The inquest was told that the lorry driver, Rodney Motonga, was not held at fault for Eloise’s death. In a statement, he said: “I to this day do not know how the collision happened.”

The village, on Salisbury Plain, lies on the route of the A338, which links Marlborough and, beyond that, Swindon, with Salisbury.

There was a previous fatality there in November 2020 following a crash involving two motor vehicles, and earlier this year an articulated lorry came off the road close to the spot where Eloise was killed.

A campaign group called Collingbournes Road Safety Working Group has been set up to call for a reduction in the speed limit and number of lorries travelling through  Collingbourne Ducis and Collingbourne Kingston, and has the backing of Eloise’s family, as well as Danny Kruger, the Conservative MP for Devizes.

Eloise’s family was represented at the inquest by family friend, Philip Palmer, who described growing levels of lorry traffic as being “totally inappropriate” for the roads in and around the village.
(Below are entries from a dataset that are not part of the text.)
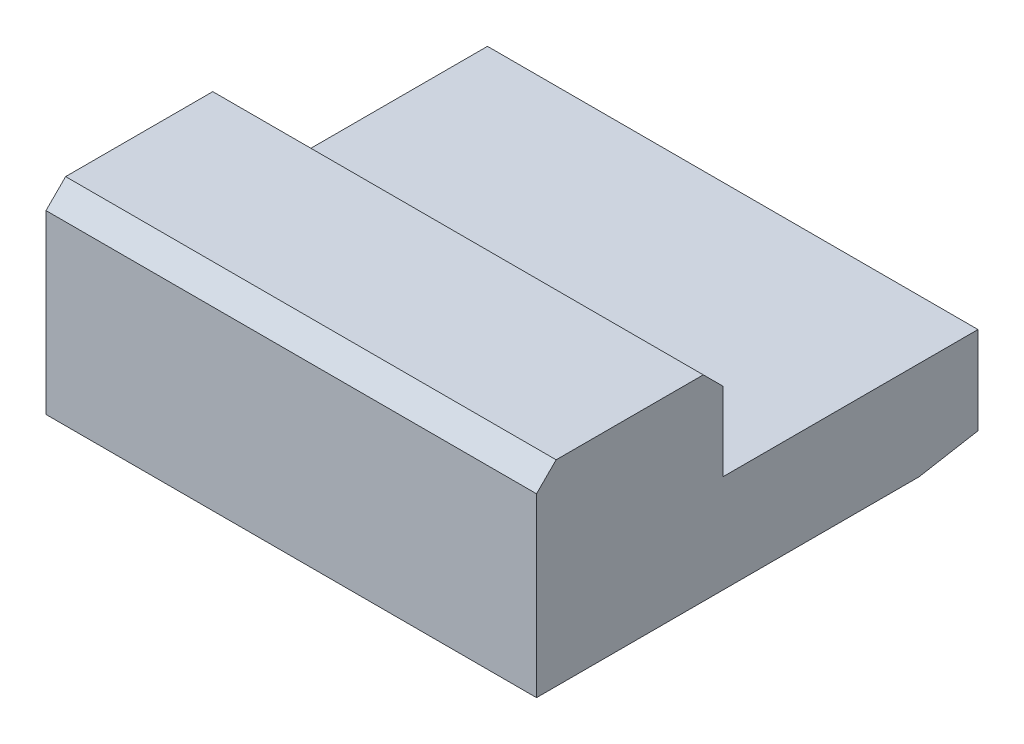
ISO-10303-21;
HEADER;
FILE_DESCRIPTION(('STEP AP214'),'2;1');
FILE_NAME('part.step','',(''),(''),'','','');
FILE_SCHEMA(('AUTOMOTIVE_DESIGN { 1 0 10303 214 1 1 1 1 }'));
ENDSEC;
DATA;
#1=APPLICATION_CONTEXT('core data for automotive mechanical design processes');
#2=APPLICATION_PROTOCOL_DEFINITION('international standard','automotive_design',2000,#1);
#3=PRODUCT_CONTEXT('',#1,'mechanical');
#4=PRODUCT('Part','Part','',(#3));
#5=PRODUCT_RELATED_PRODUCT_CATEGORY('part','',(#4));
#6=PRODUCT_DEFINITION_FORMATION('','',#4);
#7=PRODUCT_DEFINITION_CONTEXT('part definition',#1,'design');
#8=PRODUCT_DEFINITION('design','',#6,#7);
#9=PRODUCT_DEFINITION_SHAPE('','',#8);
#10=(LENGTH_UNIT() NAMED_UNIT(*) SI_UNIT(.MILLI.,.METRE.));
#11=(NAMED_UNIT(*) PLANE_ANGLE_UNIT() SI_UNIT($,.RADIAN.));
#12=(NAMED_UNIT(*) SI_UNIT($,.STERADIAN.) SOLID_ANGLE_UNIT());
#13=UNCERTAINTY_MEASURE_WITH_UNIT(LENGTH_MEASURE(1.E-05),#10,'distance_accuracy_value','');
#14=(GEOMETRIC_REPRESENTATION_CONTEXT(3) GLOBAL_UNCERTAINTY_ASSIGNED_CONTEXT((#13)) GLOBAL_UNIT_ASSIGNED_CONTEXT((#10,
#11,#12)) REPRESENTATION_CONTEXT('',''));
#15=CARTESIAN_POINT('',(0.,0.,0.));
#16=DIRECTION('',(0.,0.,1.));
#17=DIRECTION('',(1.,0.,0.));
#18=AXIS2_PLACEMENT_3D('',#15,#16,#17);
#19=CARTESIAN_POINT('',(0.,1.9,0.1));
#20=DIRECTION('',(0.,0.707106781186548,-0.707106781186548));
#21=DIRECTION('',(0.,0.707106781186548,0.707106781186548));
#22=AXIS2_PLACEMENT_3D('',#19,#20,#21);
#23=PLANE('',#22);
#24=DIRECTION('',(1.,0.,0.));
#25=VECTOR('',#24,1.);
#26=CARTESIAN_POINT('',(2.5,2.,0.2));
#27=LINE('',#26,#25);
#28=CARTESIAN_POINT('',(2.5,2.,0.2));
#29=VERTEX_POINT('',#28);
#30=CARTESIAN_POINT('',(-2.5,2.,0.2));
#31=VERTEX_POINT('',#30);
#32=EDGE_CURVE('E99',#29,#31,#27,.F.);
#33=ORIENTED_EDGE('',*,*,#32,.F.);
#34=DIRECTION('',(0.,0.707106781186548,0.707106781186548));
#35=VECTOR('',#34,1.);
#36=CARTESIAN_POINT('',(2.5,1.9,0.1));
#37=LINE('',#36,#35);
#38=CARTESIAN_POINT('',(2.5,1.8,0.));
#39=VERTEX_POINT('',#38);
#40=EDGE_CURVE('E89',#29,#39,#37,.F.);
#41=ORIENTED_EDGE('',*,*,#40,.T.);
#42=DIRECTION('',(1.,0.,0.));
#43=VECTOR('',#42,1.);
#44=CARTESIAN_POINT('',(0.,1.8,0.));
#45=LINE('',#44,#43);
#46=CARTESIAN_POINT('',(-2.5,1.8,0.));
#47=VERTEX_POINT('',#46);
#48=EDGE_CURVE('E110',#39,#47,#45,.F.);
#49=ORIENTED_EDGE('',*,*,#48,.T.);
#50=DIRECTION('',(0.,0.707106781186548,0.707106781186548));
#51=VECTOR('',#50,1.);
#52=CARTESIAN_POINT('',(-2.5,1.9,0.1));
#53=LINE('',#52,#51);
#54=EDGE_CURVE('E19',#47,#31,#53,.T.);
#55=ORIENTED_EDGE('',*,*,#54,.T.);
#56=EDGE_LOOP('',(#33,#41,#49,#55));
#57=FACE_BOUND('',#56,.T.);
#58=ADVANCED_FACE('F16',(#57),#23,.T.);
#59=CARTESIAN_POINT('',(2.5,2.,0.));
#60=DIRECTION('',(0.,1.,0.));
#61=DIRECTION('',(0.,0.,1.));
#62=AXIS2_PLACEMENT_3D('',#59,#60,#61);
#63=PLANE('',#62);
#64=DIRECTION('',(0.,0.,1.));
#65=VECTOR('',#64,1.);
#66=CARTESIAN_POINT('',(-2.5,2.,0.));
#67=LINE('',#66,#65);
#68=CARTESIAN_POINT('',(-2.5,2.,1.7));
#69=VERTEX_POINT('',#68);
#70=EDGE_CURVE('E101',#31,#69,#67,.T.);
#71=ORIENTED_EDGE('',*,*,#70,.T.);
#72=DIRECTION('',(1.,0.,0.));
#73=VECTOR('',#72,1.);
#74=CARTESIAN_POINT('',(0.,2.,1.7));
#75=LINE('',#74,#73);
#76=CARTESIAN_POINT('',(2.5,2.,1.7));
#77=VERTEX_POINT('',#76);
#78=EDGE_CURVE('E105',#77,#69,#75,.F.);
#79=ORIENTED_EDGE('',*,*,#78,.F.);
#80=DIRECTION('',(0.,0.,1.));
#81=VECTOR('',#80,1.);
#82=CARTESIAN_POINT('',(2.5,2.,0.));
#83=LINE('',#82,#81);
#84=EDGE_CURVE('E93',#77,#29,#83,.F.);
#85=ORIENTED_EDGE('',*,*,#84,.T.);
#86=ORIENTED_EDGE('',*,*,#32,.T.);
#87=EDGE_LOOP('',(#71,#79,#85,#86));
#88=FACE_BOUND('',#87,.T.);
#89=ADVANCED_FACE('F103',(#88),#63,.T.);
#90=CARTESIAN_POINT('',(0.,0.,0.));
#91=DIRECTION('',(0.,0.,1.));
#92=DIRECTION('',(1.,0.,0.));
#93=AXIS2_PLACEMENT_3D('',#90,#91,#92);
#94=PLANE('',#93);
#95=DIRECTION('',(1.,0.,0.));
#96=VECTOR('',#95,1.);
#97=CARTESIAN_POINT('',(-2.5,1.,0.));
#98=LINE('',#97,#96);
#99=CARTESIAN_POINT('',(-2.5,1.,0.));
#100=VERTEX_POINT('',#99);
#101=CARTESIAN_POINT('',(2.5,1.,0.));
#102=VERTEX_POINT('',#101);
#103=EDGE_CURVE('E118',#100,#102,#98,.T.);
#104=ORIENTED_EDGE('',*,*,#103,.F.);
#105=DIRECTION('',(0.,1.,0.));
#106=VECTOR('',#105,1.);
#107=CARTESIAN_POINT('',(-2.5,0.,0.));
#108=LINE('',#107,#106);
#109=EDGE_CURVE('E112',#47,#100,#108,.F.);
#110=ORIENTED_EDGE('',*,*,#109,.F.);
#111=ORIENTED_EDGE('',*,*,#48,.F.);
#112=DIRECTION('',(0.,1.,0.));
#113=VECTOR('',#112,1.);
#114=CARTESIAN_POINT('',(2.5,0.,0.));
#115=LINE('',#114,#113);
#116=EDGE_CURVE('E96',#102,#39,#115,.T.);
#117=ORIENTED_EDGE('',*,*,#116,.F.);
#118=EDGE_LOOP('',(#104,#110,#111,#117));
#119=FACE_BOUND('',#118,.T.);
#120=ADVANCED_FACE('F180',(#119),#94,.F.);
#121=CARTESIAN_POINT('',(0.,1.9,1.8));
#122=DIRECTION('',(0.,0.707106781186548,0.707106781186548));
#123=DIRECTION('',(0.,-0.707106781186548,0.707106781186548));
#124=AXIS2_PLACEMENT_3D('',#121,#122,#123);
#125=PLANE('',#124);
#126=ORIENTED_EDGE('',*,*,#78,.T.);
#127=DIRECTION('',(0.,-0.707106781186548,0.707106781186548));
#128=VECTOR('',#127,1.);
#129=CARTESIAN_POINT('',(-2.5,1.9,1.8));
#130=LINE('',#129,#128);
#131=CARTESIAN_POINT('',(-2.5,1.8,1.9));
#132=VERTEX_POINT('',#131);
#133=EDGE_CURVE('E116',#69,#132,#130,.T.);
#134=ORIENTED_EDGE('',*,*,#133,.T.);
#135=DIRECTION('',(1.,0.,0.));
#136=VECTOR('',#135,1.);
#137=CARTESIAN_POINT('',(0.,1.8,1.9));
#138=LINE('',#137,#136);
#139=CARTESIAN_POINT('',(2.5,1.8,1.9));
#140=VERTEX_POINT('',#139);
#141=EDGE_CURVE('E134',#140,#132,#138,.F.);
#142=ORIENTED_EDGE('',*,*,#141,.F.);
#143=DIRECTION('',(0.,-0.707106781186547,0.707106781186548));
#144=VECTOR('',#143,1.);
#145=CARTESIAN_POINT('',(2.5,2.,1.7));
#146=LINE('',#145,#144);
#147=EDGE_CURVE('E126',#77,#140,#146,.T.);
#148=ORIENTED_EDGE('',*,*,#147,.F.);
#149=EDGE_LOOP('',(#126,#134,#142,#148));
#150=FACE_BOUND('',#149,.T.);
#151=ADVANCED_FACE('F166',(#150),#125,.T.);
#152=CARTESIAN_POINT('',(-2.5,1.,0.));
#153=DIRECTION('',(0.,1.,0.));
#154=DIRECTION('',(0.,0.,1.));
#155=AXIS2_PLACEMENT_3D('',#152,#153,#154);
#156=PLANE('',#155);
#157=DIRECTION('',(0.,0.,-1.));
#158=VECTOR('',#157,1.);
#159=CARTESIAN_POINT('',(2.5,1.,0.));
#160=LINE('',#159,#158);
#161=CARTESIAN_POINT('',(2.5,1.,-2.6));
#162=VERTEX_POINT('',#161);
#163=EDGE_CURVE('E124',#162,#102,#160,.F.);
#164=ORIENTED_EDGE('',*,*,#163,.F.);
#165=DIRECTION('',(-1.,0.,0.));
#166=VECTOR('',#165,1.);
#167=CARTESIAN_POINT('',(0.,1.,-2.6));
#168=LINE('',#167,#166);
#169=CARTESIAN_POINT('',(-2.5,1.,-2.6));
#170=VERTEX_POINT('',#169);
#171=EDGE_CURVE('E121',#170,#162,#168,.F.);
#172=ORIENTED_EDGE('',*,*,#171,.F.);
#173=DIRECTION('',(0.,0.,1.));
#174=VECTOR('',#173,1.);
#175=CARTESIAN_POINT('',(-2.5,1.,0.));
#176=LINE('',#175,#174);
#177=EDGE_CURVE('E140',#100,#170,#176,.F.);
#178=ORIENTED_EDGE('',*,*,#177,.F.);
#179=ORIENTED_EDGE('',*,*,#103,.T.);
#180=EDGE_LOOP('',(#164,#172,#178,#179));
#181=FACE_BOUND('',#180,.T.);
#182=ADVANCED_FACE('F178',(#181),#156,.T.);
#183=CARTESIAN_POINT('',(0.,0.,-2.6));
#184=DIRECTION('',(0.,0.,-1.));
#185=DIRECTION('',(-1.,0.,0.));
#186=AXIS2_PLACEMENT_3D('',#183,#184,#185);
#187=PLANE('',#186);
#188=ORIENTED_EDGE('',*,*,#171,.T.);
#189=DIRECTION('',(0.,1.,0.));
#190=VECTOR('',#189,1.);
#191=CARTESIAN_POINT('',(2.5,0.,-2.6));
#192=LINE('',#191,#190);
#193=CARTESIAN_POINT('',(2.5,0.10604032122068,-2.6));
#194=VERTEX_POINT('',#193);
#195=EDGE_CURVE('E128',#194,#162,#192,.T.);
#196=ORIENTED_EDGE('',*,*,#195,.F.);
#197=DIRECTION('',(1.,0.,0.));
#198=VECTOR('',#197,1.);
#199=CARTESIAN_POINT('',(-2.5,0.106040321220618,-2.60000000000001));
#200=LINE('',#199,#198);
#201=CARTESIAN_POINT('',(-2.5,0.10604032122068,-2.6));
#202=VERTEX_POINT('',#201);
#203=EDGE_CURVE('E145',#194,#202,#200,.F.);
#204=ORIENTED_EDGE('',*,*,#203,.T.);
#205=DIRECTION('',(0.,1.,0.));
#206=VECTOR('',#205,1.);
#207=CARTESIAN_POINT('',(-2.5,2.,-2.6));
#208=LINE('',#207,#206);
#209=EDGE_CURVE('E143',#170,#202,#208,.F.);
#210=ORIENTED_EDGE('',*,*,#209,.F.);
#211=EDGE_LOOP('',(#188,#196,#204,#210));
#212=FACE_BOUND('',#211,.T.);
#213=ADVANCED_FACE('F173',(#212),#187,.T.);
#214=CARTESIAN_POINT('',(2.5,0.,0.));
#215=DIRECTION('',(1.,0.,0.));
#216=DIRECTION('',(0.,0.,-1.));
#217=AXIS2_PLACEMENT_3D('',#214,#215,#216);
#218=PLANE('',#217);
#219=DIRECTION('',(0.,-0.173648177666902,0.984807753012213));
#220=VECTOR('',#219,1.);
#221=CARTESIAN_POINT('',(2.5,0.,-1.998615454115));
#222=LINE('',#221,#220);
#223=CARTESIAN_POINT('',(2.5,0.,-1.99861545411499));
#224=VERTEX_POINT('',#223);
#225=EDGE_CURVE('E148',#224,#194,#222,.F.);
#226=ORIENTED_EDGE('',*,*,#225,.T.);
#227=ORIENTED_EDGE('',*,*,#195,.T.);
#228=ORIENTED_EDGE('',*,*,#163,.T.);
#229=ORIENTED_EDGE('',*,*,#116,.T.);
#230=ORIENTED_EDGE('',*,*,#40,.F.);
#231=ORIENTED_EDGE('',*,*,#84,.F.);
#232=ORIENTED_EDGE('',*,*,#147,.T.);
#233=DIRECTION('',(0.,1.,0.));
#234=VECTOR('',#233,1.);
#235=CARTESIAN_POINT('',(2.5,0.,1.9));
#236=LINE('',#235,#234);
#237=CARTESIAN_POINT('',(2.5,0.,1.9));
#238=VERTEX_POINT('',#237);
#239=EDGE_CURVE('E131',#238,#140,#236,.T.);
#240=ORIENTED_EDGE('',*,*,#239,.F.);
#241=DIRECTION('',(0.,0.,-1.));
#242=VECTOR('',#241,1.);
#243=CARTESIAN_POINT('',(2.5,0.,0.));
#244=LINE('',#243,#242);
#245=EDGE_CURVE('E150',#224,#238,#244,.F.);
#246=ORIENTED_EDGE('',*,*,#245,.F.);
#247=EDGE_LOOP('',(#226,#227,#228,#229,#230,#231,#232,#240,#246));
#248=FACE_BOUND('',#247,.T.);
#249=ADVANCED_FACE('F91',(#248),#218,.T.);
#250=CARTESIAN_POINT('',(0.,0.,1.9));
#251=DIRECTION('',(0.,0.,1.));
#252=DIRECTION('',(1.,0.,0.));
#253=AXIS2_PLACEMENT_3D('',#250,#251,#252);
#254=PLANE('',#253);
#255=ORIENTED_EDGE('',*,*,#239,.T.);
#256=ORIENTED_EDGE('',*,*,#141,.T.);
#257=DIRECTION('',(0.,1.,0.));
#258=VECTOR('',#257,1.);
#259=CARTESIAN_POINT('',(-2.5,2.,1.9));
#260=LINE('',#259,#258);
#261=CARTESIAN_POINT('',(-2.5,0.,1.9));
#262=VERTEX_POINT('',#261);
#263=EDGE_CURVE('E137',#262,#132,#260,.T.);
#264=ORIENTED_EDGE('',*,*,#263,.F.);
#265=DIRECTION('',(1.,0.,0.));
#266=VECTOR('',#265,1.);
#267=CARTESIAN_POINT('',(-2.5,0.,1.9));
#268=LINE('',#267,#266);
#269=EDGE_CURVE('E153',#238,#262,#268,.F.);
#270=ORIENTED_EDGE('',*,*,#269,.F.);
#271=EDGE_LOOP('',(#255,#256,#264,#270));
#272=FACE_BOUND('',#271,.T.);
#273=ADVANCED_FACE('F163',(#272),#254,.T.);
#274=CARTESIAN_POINT('',(-2.5,2.,0.));
#275=DIRECTION('',(-1.,0.,0.));
#276=DIRECTION('',(0.,0.,1.));
#277=AXIS2_PLACEMENT_3D('',#274,#275,#276);
#278=PLANE('',#277);
#279=ORIENTED_EDGE('',*,*,#177,.T.);
#280=ORIENTED_EDGE('',*,*,#209,.T.);
#281=DIRECTION('',(0.,-0.173648177666902,0.984807753012213));
#282=VECTOR('',#281,1.);
#283=CARTESIAN_POINT('',(-2.5,0.,-1.998615454115));
#284=LINE('',#283,#282);
#285=CARTESIAN_POINT('',(-2.5,0.,-1.998615454115));
#286=VERTEX_POINT('',#285);
#287=EDGE_CURVE('E34',#202,#286,#284,.T.);
#288=ORIENTED_EDGE('',*,*,#287,.T.);
#289=DIRECTION('',(0.,0.,-1.));
#290=VECTOR('',#289,1.);
#291=CARTESIAN_POINT('',(-2.5,0.,0.));
#292=LINE('',#291,#290);
#293=EDGE_CURVE('E25',#262,#286,#292,.T.);
#294=ORIENTED_EDGE('',*,*,#293,.F.);
#295=ORIENTED_EDGE('',*,*,#263,.T.);
#296=ORIENTED_EDGE('',*,*,#133,.F.);
#297=ORIENTED_EDGE('',*,*,#70,.F.);
#298=ORIENTED_EDGE('',*,*,#54,.F.);
#299=ORIENTED_EDGE('',*,*,#109,.T.);
#300=EDGE_LOOP('',(#279,#280,#288,#294,#295,#296,#297,#298,#299));
#301=FACE_BOUND('',#300,.T.);
#302=ADVANCED_FACE('F160',(#301),#278,.T.);
#303=CARTESIAN_POINT('',(-2.5,0.,-1.998615454115));
#304=DIRECTION('',(0.,0.984807753012213,0.173648177666902));
#305=DIRECTION('',(0.,-0.173648177666902,0.984807753012213));
#306=AXIS2_PLACEMENT_3D('',#303,#304,#305);
#307=PLANE('',#306);
#308=DIRECTION('',(1.,0.,0.));
#309=VECTOR('',#308,1.);
#310=CARTESIAN_POINT('',(-2.5,0.,-1.998615454115));
#311=LINE('',#310,#309);
#312=EDGE_CURVE('E11',#286,#224,#311,.T.);
#313=ORIENTED_EDGE('',*,*,#312,.F.);
#314=ORIENTED_EDGE('',*,*,#287,.F.);
#315=ORIENTED_EDGE('',*,*,#203,.F.);
#316=ORIENTED_EDGE('',*,*,#225,.F.);
#317=EDGE_LOOP('',(#313,#314,#315,#316));
#318=FACE_BOUND('',#317,.T.);
#319=ADVANCED_FACE('F170',(#318),#307,.F.);
#320=CARTESIAN_POINT('',(-2.5,0.,0.));
#321=DIRECTION('',(0.,-1.,0.));
#322=DIRECTION('',(0.,0.,-1.));
#323=AXIS2_PLACEMENT_3D('',#320,#321,#322);
#324=PLANE('',#323);
#325=ORIENTED_EDGE('',*,*,#293,.T.);
#326=ORIENTED_EDGE('',*,*,#312,.T.);
#327=ORIENTED_EDGE('',*,*,#245,.T.);
#328=ORIENTED_EDGE('',*,*,#269,.T.);
#329=EDGE_LOOP('',(#325,#326,#327,#328));
#330=FACE_BOUND('',#329,.T.);
#331=ADVANCED_FACE('F158',(#330),#324,.T.);
#332=CLOSED_SHELL('',(#58,#89,#120,#151,#182,#213,#249,#273,#302,#319,#331));
#333=MANIFOLD_SOLID_BREP('B1',#332);
#334=ADVANCED_BREP_SHAPE_REPRESENTATION('',(#18,#333),#14);
#335=SHAPE_DEFINITION_REPRESENTATION(#9,#334);
ENDSEC;
END-ISO-10303-21;

He said: “The largest vehicle anticipated when these roads were made was a big horse and cart, not these six-axle HGVs.

“I spent 28 years with the Met police in London,” he added.

“If we had a stretch of road like this, somebody would have been taking notice of that. But down here, it’s like the wild west.”

Area coroner Ian Singleton concluded that Eloise died as the result of a road traffic collision.